Explore head-to-head clinical comparisons of other medications in the same therapeutic classes.
Common clinical questions about VERTAVIS vs ACETAMINOPHEN AND PENTAZOCINE HYDROCHLORIDE, answered by our medical review team.
VERTAVIS is a Prostacyclin Vasodilator that works by Vertavis is an inhibitor of acetylcholinesterase, increasing acetylcholine levels at cholinergic synapses.. ACETAMINOPHEN AND PENTAZOCINE HYDROCHLORIDE is a Opioid Agonist-Antagonist that works by Pentazocine is a mixed agonist-antagonist opioid analgesic that binds to mu, kappa, and sigma opioid receptors, primarily acting as an agonist at kappa receptors and partial agonist at mu receptors, resulting in analgesic and sedative effects. Acetaminophen (paracetamol) is an analgesic and antipyretic whose mechanism involves inhibition of cyclooxygenase (COX) enzymes, primarily COX-2, in the central nervous system, and possibly activation of descending serotonergic pathways.. They differ in pharmacokinetic profiles, FDA-approved indications, and side effect profiles.

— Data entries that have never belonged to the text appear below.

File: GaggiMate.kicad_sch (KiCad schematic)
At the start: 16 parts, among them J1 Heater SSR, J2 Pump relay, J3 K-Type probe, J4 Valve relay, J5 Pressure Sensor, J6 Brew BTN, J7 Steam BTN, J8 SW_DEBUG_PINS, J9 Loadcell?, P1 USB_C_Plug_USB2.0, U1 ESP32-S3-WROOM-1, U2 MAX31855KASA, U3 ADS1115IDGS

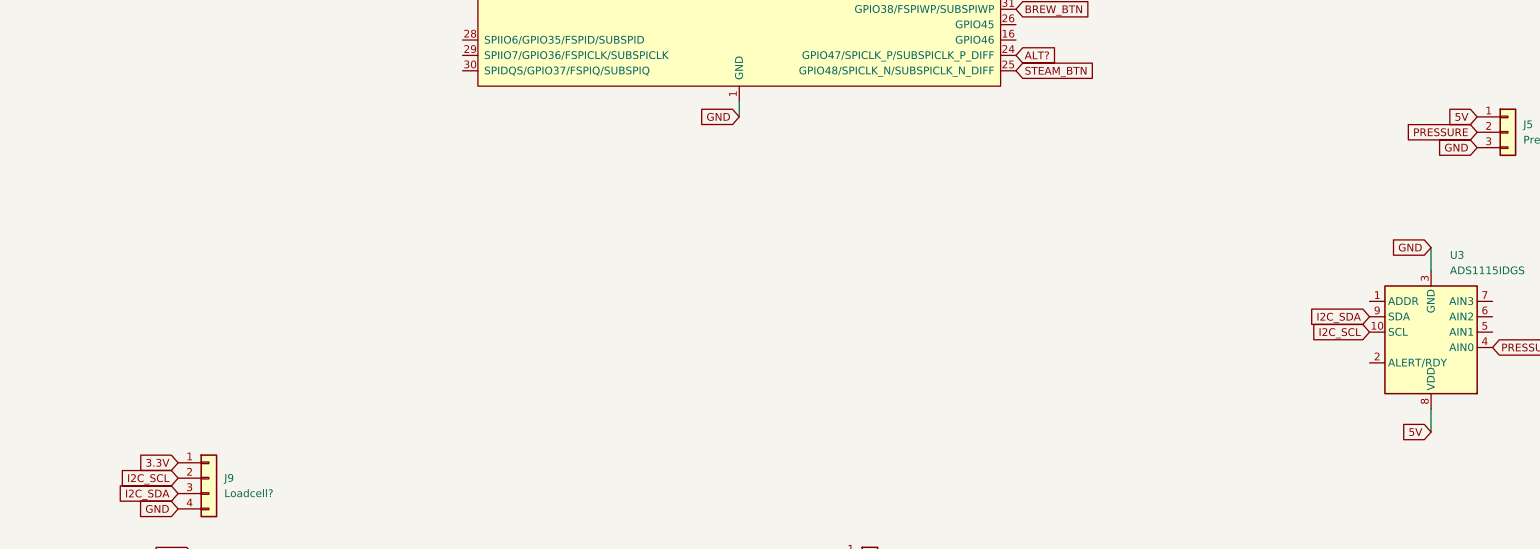
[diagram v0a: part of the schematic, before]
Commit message: updated power and began 5-3v regulator
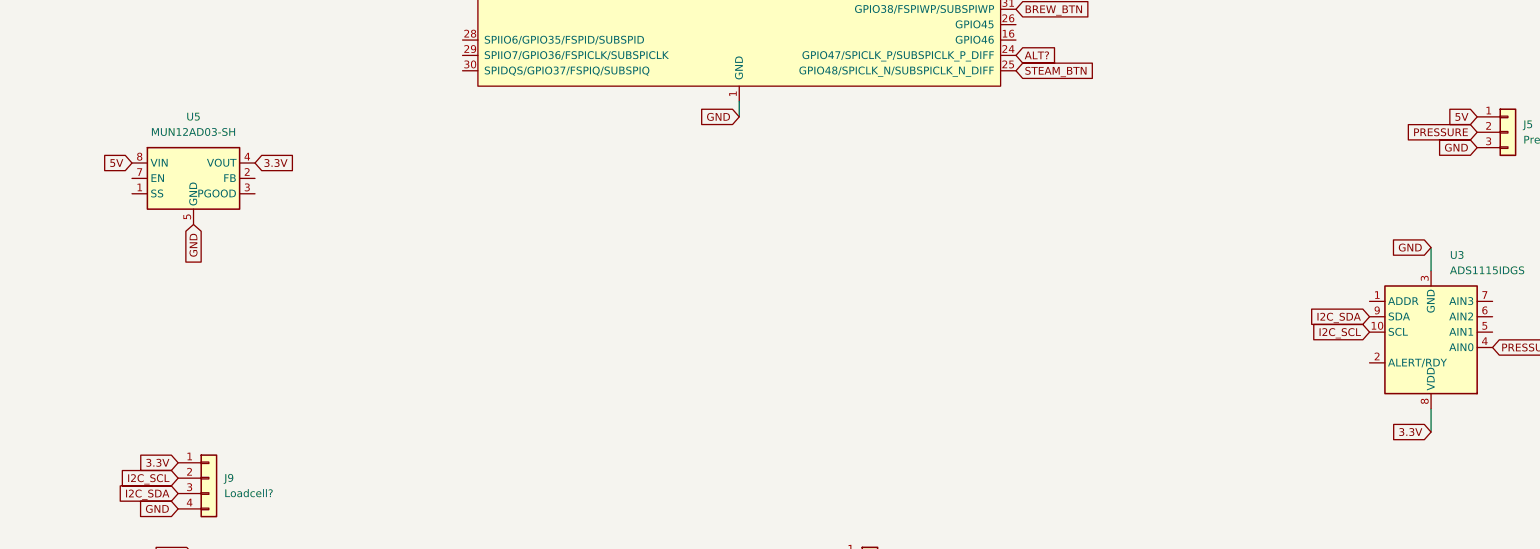
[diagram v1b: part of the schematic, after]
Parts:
- added U5: MUN12AD03-SH, Converter_DCDC:Converter_DCDC_Cyntec_MUN12AD03-SH, symbol Regulator_Switching:MUN12AD03-SH
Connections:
- net 3.3V: now also U3.8 (VDD), U5.4 (VOUT), U5.9 (VOUT)
- net 5V: now also U5.8 (VIN); no longer U3.8 (VDD)
- net GND: now also U5.10 (GND), U5.11 (GND), U5.5 (GND)

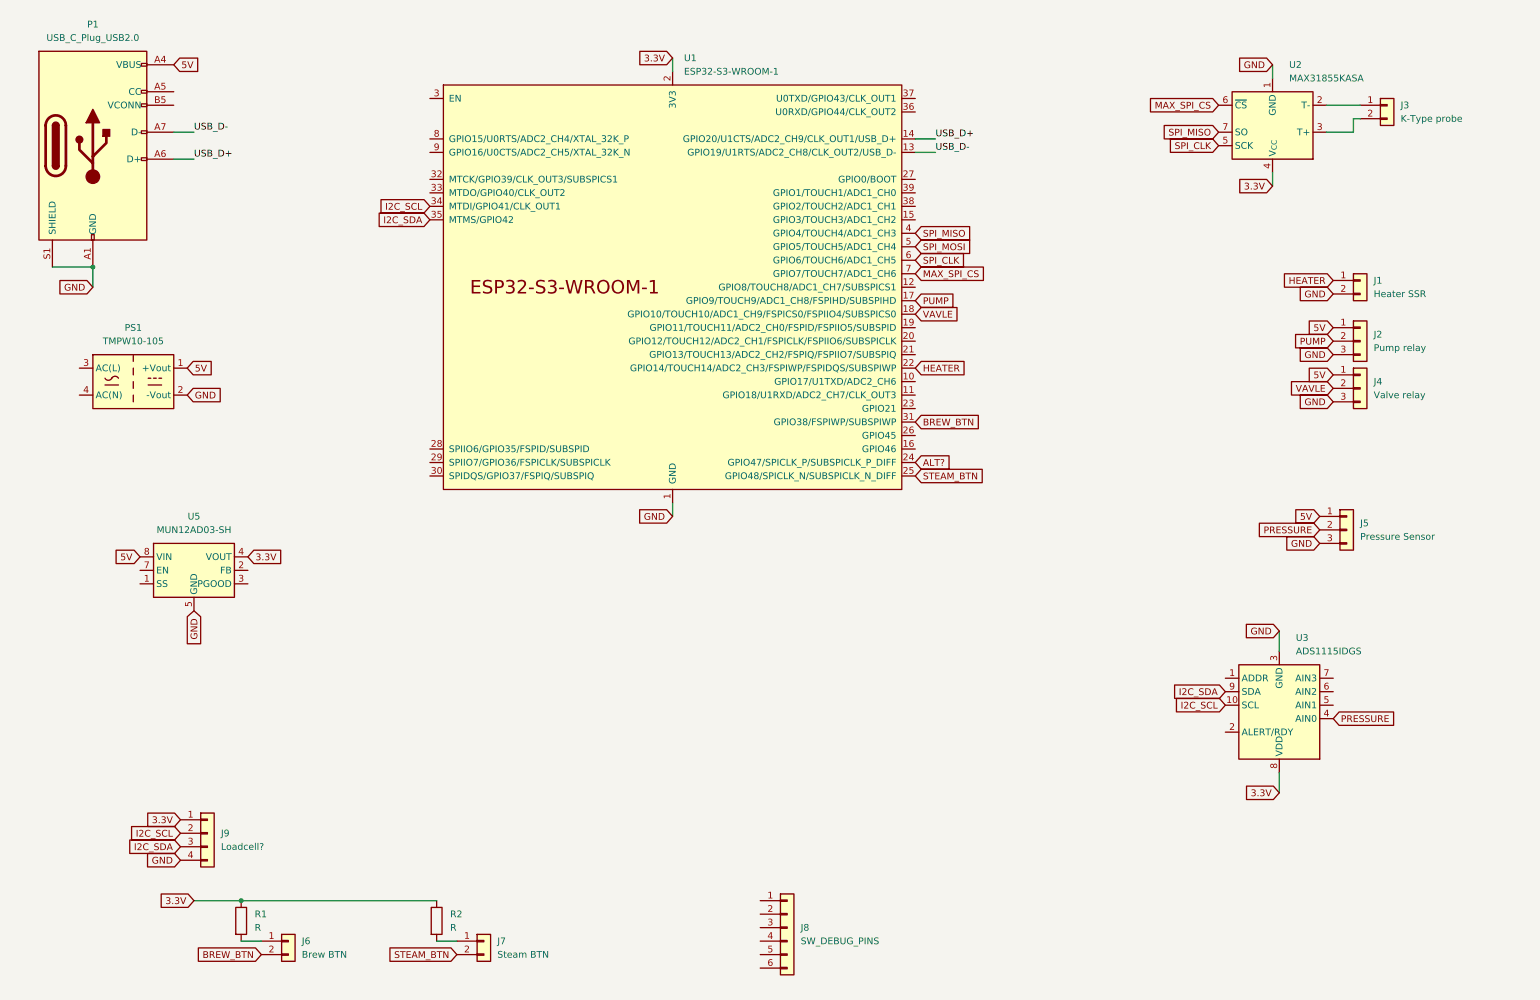
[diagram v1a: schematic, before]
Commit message: bunch of updates
added:
- relays
- barrel jack
- more proper routing
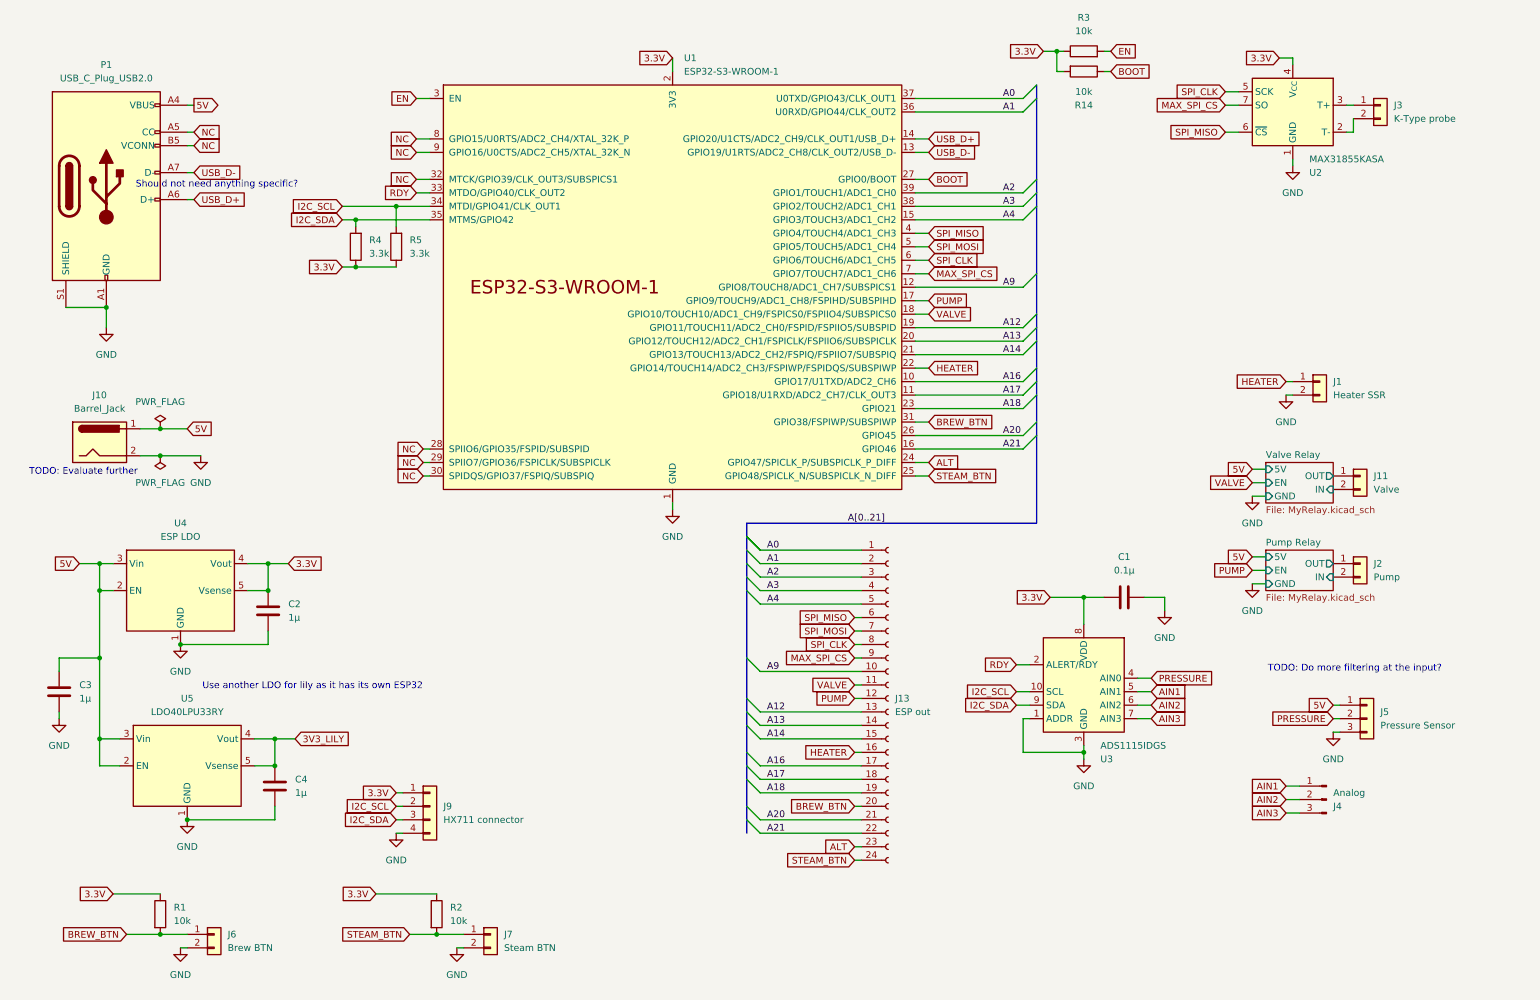
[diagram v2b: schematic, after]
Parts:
- removed J2: Pump relay, symbol Connector_Generic:Conn_01x03
- removed J4: Valve relay, symbol Connector_Generic:Conn_01x03
- removed J8: SW_DEBUG_PINS, symbol Connector_Generic:Conn_01x06
- removed PS1: TMPW10-105, Converter_ACDC:Converter_ACDC_TRACO_TMPW10_1xx_THT, symbol Converter_ACDC:TMPW10-105
- removed U5: MUN12AD03-SH, Converter_DCDC:Converter_DCDC_Cyntec_MUN12AD03-SH, symbol Regulator_Switching:MUN12AD03-SH
- added C1: 0.1µ, symbol Device:C
- added C2, C3, C4: 1µ, symbol Device:C
- added J10: Barrel_Jack, symbol Connector:Barrel_Jack
- added J11: Valve, symbol Connector_Generic:Conn_01x02
- added J13: ESP out, symbol Connector:Conn_01x24_Socket
- added J2: Pump, symbol Connector_Generic:Conn_01x02
- added J4: Analog, symbol Connector:Conn_01x03_Pin
- added R14, R3: 10k, Resistor_SMD:R_0201_0603Metric, symbol Device:R
- added R4, R5: 3.3k, Resistor_SMD:R_0201_0603Metric, symbol Device:R
- added U4: ESP LDO, Package_DFN_QFN:DFN-6-1EP_3x3mm_P0.95mm_EP1.7x2.6mm, symbol Regulator_Linear:LDO40LPU33RY
- added U5: LDO40LPU33RY, Package_DFN_QFN:DFN-6-1EP_3x3mm_P0.95mm_EP1.7x2.6mm, symbol Regulator_Linear:LDO40LPU33RY
- J9: value Loadcell? -> HX711 connector
- R1, R2: value R -> 10k; footprint (none) -> Resistor_SMD:R_0201_0603Metric
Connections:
- net 3.3V: now also C1.1, C2.1, R14.2, R3.1, R4.1, R5.1, U4.4 (Vout), U4.5 (Vsense)
- net 5V: now also C3.2, J10.1, U4.2 (EN), U4.3 (Vin), U5.2 (EN), U5.3 (Vin)
- net BREW_BTN: now also J6.1 (Pin_1), R1.2, J13.20 (Pin_20); no longer J6.2 (Pin_2)
- net GND: now also J6.2 (Pin_2), J7.2 (Pin_2), U3.1 (ADDR), C1.2, C2.2, C3.1, C4.2, J10.2, U4.1 (GND), U4.7 (GND), U5.1 (GND), U5.7 (GND)
- net HEATER: now also J13.16 (Pin_16)
- net I2C_SCL: now also R5.2
- net I2C_SDA: now also R4.2
- net MAX_SPI_CS: now also U2.7 (SO), J13.9 (Pin_9); no longer U2.6 (~{CS})
- net PUMP: now also J13.12 (Pin_12)
- net SPI_CLK: now also J13.8 (Pin_8)
- net SPI_MISO: now also U2.6 (~{CS}), J13.6 (Pin_6); no longer U2.7 (SO)
- net SPI_MOSI: now also J13.7 (Pin_7)
- net STEAM_BTN: now also J7.1 (Pin_1), R2.2, J13.24 (Pin_24); no longer J7.2 (Pin_2)
- net RDY: now reaches U3.2 (ALERT/RDY)
- net RDY: now also U1.33 (MTDO/GPIO40/CLK_OUT2)
- net AIN1: now reaches U3.5 (AIN1)
- net AIN1: now also J4.1 (Pin_1)
- net AIN2: now reaches U3.6 (AIN2)
- net AIN2: now also J4.2 (Pin_2)
- net AIN3: now reaches U3.7 (AIN3)
- net AIN3: now also J4.3 (Pin_3)
- net at U2.2 (T-): now also J3.2 (Pin_2); no longer J3.1 (Pin_1)
- net at U2.3 (T+): now also J3.1 (Pin_1); no longer J3.2 (Pin_2)
- net A16: now reaches U1.10 (GPIO17/U1TXD/ADC2_CH6)
- net A16: now also J13.17 (Pin_17)
- net A17: now reaches U1.11 (GPIO18/U1RXD/ADC2_CH7/CLK_OUT3)
- net A17: now also J13.18 (Pin_18)
- net A9: now reaches U1.12 (GPIO8/TOUCH8/ADC1_CH7/SUBSPICS1)
- net A9: now also J13.10 (Pin_10)
- net A4: now reaches U1.15 (GPIO3/TOUCH3/ADC1_CH2)
- net A4: now also J13.5 (Pin_5)
- net A21: now reaches U1.16 (GPIO46)
- net A21: now also J13.22 (Pin_22)
- net A12: now reaches U1.19 (GPIO11/TOUCH11/ADC2_CH0/FSPID/FSPIIO5/SUBSPID)
- net A12: now also J13.13 (Pin_13)
- net A13: now reaches U1.20 (GPIO12/TOUCH12/ADC2_CH1/FSPICLK/FSPIIO6/SUBSPICLK)
- net A13: now also J13.14 (Pin_14)
- net A14: now reaches U1.21 (GPIO13/TOUCH13/ADC2_CH2/FSPIQ/FSPIIO7/SUBSPIQ)
- net A14: now also J13.15 (Pin_15)
- net A18: now reaches U1.23 (GPIO21)
- net A18: now also J13.19 (Pin_19)
- net A20: now reaches U1.26 (GPIO45)
- net A20: now also J13.21 (Pin_21)
- net BOOT: now reaches U1.27 (GPIO0/BOOT)
- net BOOT: now also R14.1
- net NC: now reaches U1.28 (SPIIO6/GPIO35/FSPID/SUBSPID)
- net NC: now also P1.A5 (CC), P1.B5 (VCONN), U1.29 (SPIIO7/GPIO36/FSPICLK/SUBSPICLK), U1.30 (SPIDQS/GPIO37/FSPIQ/SUBSPIQ), U1.32 (MTCK/GPIO39/CLK_OUT3/SUBSPICS1), U1.8 (GPIO15/U0RTS/ADC2_CH4/XTAL_32K_P), U1.9 (GPIO16/U0CTS/ADC2_CH5/XTAL_32K_N)
- net EN: now reaches U1.3 (EN)
- net EN: now also R3.2
- net A1: now reaches U1.36 (U0RXD/GPIO44/CLK_OUT2)
- net A1: now also J13.2 (Pin_2)
- net A0: now reaches U1.37 (U0TXD/GPIO43/CLK_OUT1)
- net A0: now also J13.1 (Pin_1)
- net A3: now reaches U1.38 (GPIO2/TOUCH2/ADC1_CH1)
- net A3: now also J13.4 (Pin_4)
- net A2: now reaches U1.39 (GPIO1/TOUCH1/ADC1_CH0)
- net A2: now also J13.3 (Pin_3)
- net ALT? renamed ALT
- net ALT: now also J13.23 (Pin_23)
- net VAVLE renamed VALVE
- net VALVE: now also J13.11 (Pin_11)
- new net 3V3_LILY: C4.1, U5.4 (Vout), U5.5 (Vsense)
- new net Pump Relay/IN: J2.2 (Pin_2)
- new net Pump Relay/OUT: J2.1 (Pin_1)
- new net Valve Relay/IN: J11.2 (Pin_2)
- new net Valve Relay/OUT: J11.1 (Pin_1)
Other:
- added sheet Pump Relay (MyRelay.kicad_sch)
- added sheet Valve Relay (MyRelay.kicad_sch)
- note added: "Should not need anything specific?"
- note added: "TODO: Do more filtering at the input?"
- note added: "TODO: Evaluate further"
- note added: "Use another LDO for lily as it has its own ESP32"
- moved on the sheet: J1, J3, J5, J6, J7, J9, P1, R1, R2, U2, U3

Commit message: attempt a HV stepdown and some PCB stuff
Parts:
- removed C4: 1µ, symbol Device:C
- removed J10: Barrel_Jack, symbol Connector:Barrel_Jack
- removed J11: Valve, symbol Connector_Generic:Conn_01x02
- removed J2: Pump, symbol Connector_Generic:Conn_01x02
- removed U4: ESP LDO, Package_DFN_QFN:DFN-6-1EP_3x3mm_P0.95mm_EP1.7x2.6mm, symbol Regulator_Linear:LDO40LPU33RY
- removed U5: LDO40LPU33RY, Package_DFN_QFN:DFN-6-1EP_3x3mm_P0.95mm_EP1.7x2.6mm, symbol Regulator_Linear:LDO40LPU33RY
- added H1: HV_N, symbol Mechanical:MountingHole_Pad
- added H2: HV_L, symbol Mechanical:MountingHole_Pad
- added J2: HV_VALVE, symbol Connector_Generic:Conn_01x01
- added J8: HV_PUMP, symbol Connector_Generic:Conn_01x01
- added U4: AMS1117-3.3, Package_TO_SOT_SMD:SOT-223-3_TabPin2, symbol Regulator_Linear:AMS1117-3.3
- C2, C3: value 1µ -> 10µ
- J13: footprint (none) -> Connector_PinHeader_2.54mm:PinHeader_1x24_P2.54mm_Vertical_SMD_Pin1Right
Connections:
- net 3.3V: now also U4.2 (VO)
- net 5V: now also C3.1, U4.3 (VI); no longer C3.2
- net GND: now also C3.2, U4.1 (GND); no longer C3.1
- net Pump Relay/OUT: now also J8.1 (Pin_1)
- net Valve Relay/OUT: now also J2.1 (Pin_1)
- new net HVSupply/N: H1.1
- new net HV_L: H2.1
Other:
- added sheet HVSupply (HVSupply.kicad_sch)
- note removed: "TODO: Evaluate further"
- note removed: "Use another LDO for lily as it has its own ESP32"
- moved on the sheet: C2, J9

Potency comparisons between VERTAVIS and ACETAMINOPHEN AND PENTAZOCINE HYDROCHLORIDE depend on the specific clinical indication. These are agents from distinct pharmacological classes and are not directly interchangeable by dose. A physician or clinical pharmacist should guide any therapeutic switching decisions.
The standard adult dose of VERTAVIS is: 5 mg orally three times daily. May be increased to 10 mg three times daily if tolerated.. The standard adult dose of ACETAMINOPHEN AND PENTAZOCINE HYDROCHLORIDE is: One tablet (acetaminophen 500 mg / pentazocine hydrochloride 25 mg) orally every 4 hours as needed for pain; maximum daily dose: acetaminophen 4000 mg (8 tablets) and pentazocine hydrochloride 200 mg (8 tablets).. Dosing should always be individualized based on indication, renal and hepatic function, age, and other patient factors.
No direct drug-drug interaction has been formally documented between VERTAVIS and ACETAMINOPHEN AND PENTAZOCINE HYDROCHLORIDE in current clinical databases. However, individual patient risk factors including other medications, organ function, and comorbidities should always be evaluated by a qualified healthcare provider.
The maternal-fetal safety profiles differ. VERTAVIS is classified as Category C. Contraindicated in pregnancy. FDA Pregnancy Category X. In animals, ribociclib (active ingredient) caused embryotoxicity, fetotoxicity, and teratogenicity at maternal exposures bel. ACETAMINOPHEN AND PENTAZOCINE HYDROCHLORIDE is classified as Category A/B. Acetaminophen: Generally considered low risk; no consistent evidence of teratogenicity in any trimester. Pentazocine: Limited human data; animal studies show no teratogenicity at c. Always consult a maternal-fetal medicine specialist before taking either drug during pregnancy or lactation.